I don't know how many of you guys follow 'The Hunting Public', but they were hunting in Mississippi close to where our lease is located. My younger cousin has been keeping up with their spring turkey tour and messaged them, offering to feed them for a night. I pulled out a bunch of smoked goodies to bring up there to them-Smoked venison sausage, smoked wild hog sausage, boudin, venison fresh sausage, Maple breakfast sausage, Goose Pastrami, and 3# of the Canadian Bacon I had just made...
My cousin cooked them a big jambalaya, I donated wild hog sausage and tasso for the pot. It was a fun trip! Great group of young guys. I wish them all the success they can handle! These guys are doing it right by showing the camaraderie and social aspects of the hunt.


----------



## SonnyE (Mar 31, 2018)

Feeding the gobbling gobbler hunters.
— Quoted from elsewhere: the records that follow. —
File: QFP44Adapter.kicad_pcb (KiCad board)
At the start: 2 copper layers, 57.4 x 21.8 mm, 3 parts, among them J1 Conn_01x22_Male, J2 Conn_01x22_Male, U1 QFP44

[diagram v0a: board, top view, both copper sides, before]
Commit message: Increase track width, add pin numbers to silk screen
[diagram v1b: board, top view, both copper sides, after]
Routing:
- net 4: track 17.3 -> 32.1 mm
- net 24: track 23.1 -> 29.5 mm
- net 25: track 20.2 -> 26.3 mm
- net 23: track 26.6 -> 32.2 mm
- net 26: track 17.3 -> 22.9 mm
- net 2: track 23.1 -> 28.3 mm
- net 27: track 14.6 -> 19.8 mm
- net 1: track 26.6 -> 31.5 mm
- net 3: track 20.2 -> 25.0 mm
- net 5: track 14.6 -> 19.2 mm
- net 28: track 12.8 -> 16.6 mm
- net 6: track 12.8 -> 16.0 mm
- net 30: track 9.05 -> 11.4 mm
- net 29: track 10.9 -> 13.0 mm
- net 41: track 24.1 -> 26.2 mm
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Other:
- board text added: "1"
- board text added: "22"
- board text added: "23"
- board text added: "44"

Good Deal Inda! ;):D


----------



## QueBeard (Mar 31, 2018)

NO WAY!!! 
Best show on YouTube, along with Shane Simpsons calling all turkeys.


----------



## crazymoon (Mar 31, 2018)

IDS, nice gesture on your part !


----------



## indaswamp (Mar 31, 2018)

I enjoy sharing what I create with my smokehouse. It was fun visiting with those guys. I've been on the road filming turkeys-I know what the grind is like. I can't repay the kindness shown to me years ago, but I can pay it back; which is what this trip was all about.


----------



## QueBeard (Apr 1, 2018)

Pretty cool that you have done that as well!! 
I'm all about spring gobbler . Opening day is tomorrow!


----------



## indaswamp (Apr 1, 2018)

QueBeard said:


> Pretty cool that you have done that as well!!
> I'm all about spring gobbler . Opening day is tomorrow!


Been open since mach 15th here. Birds were hened up bad, but now are starting to gobble pretty good. Won't be long before hens start leaving mid day....


----------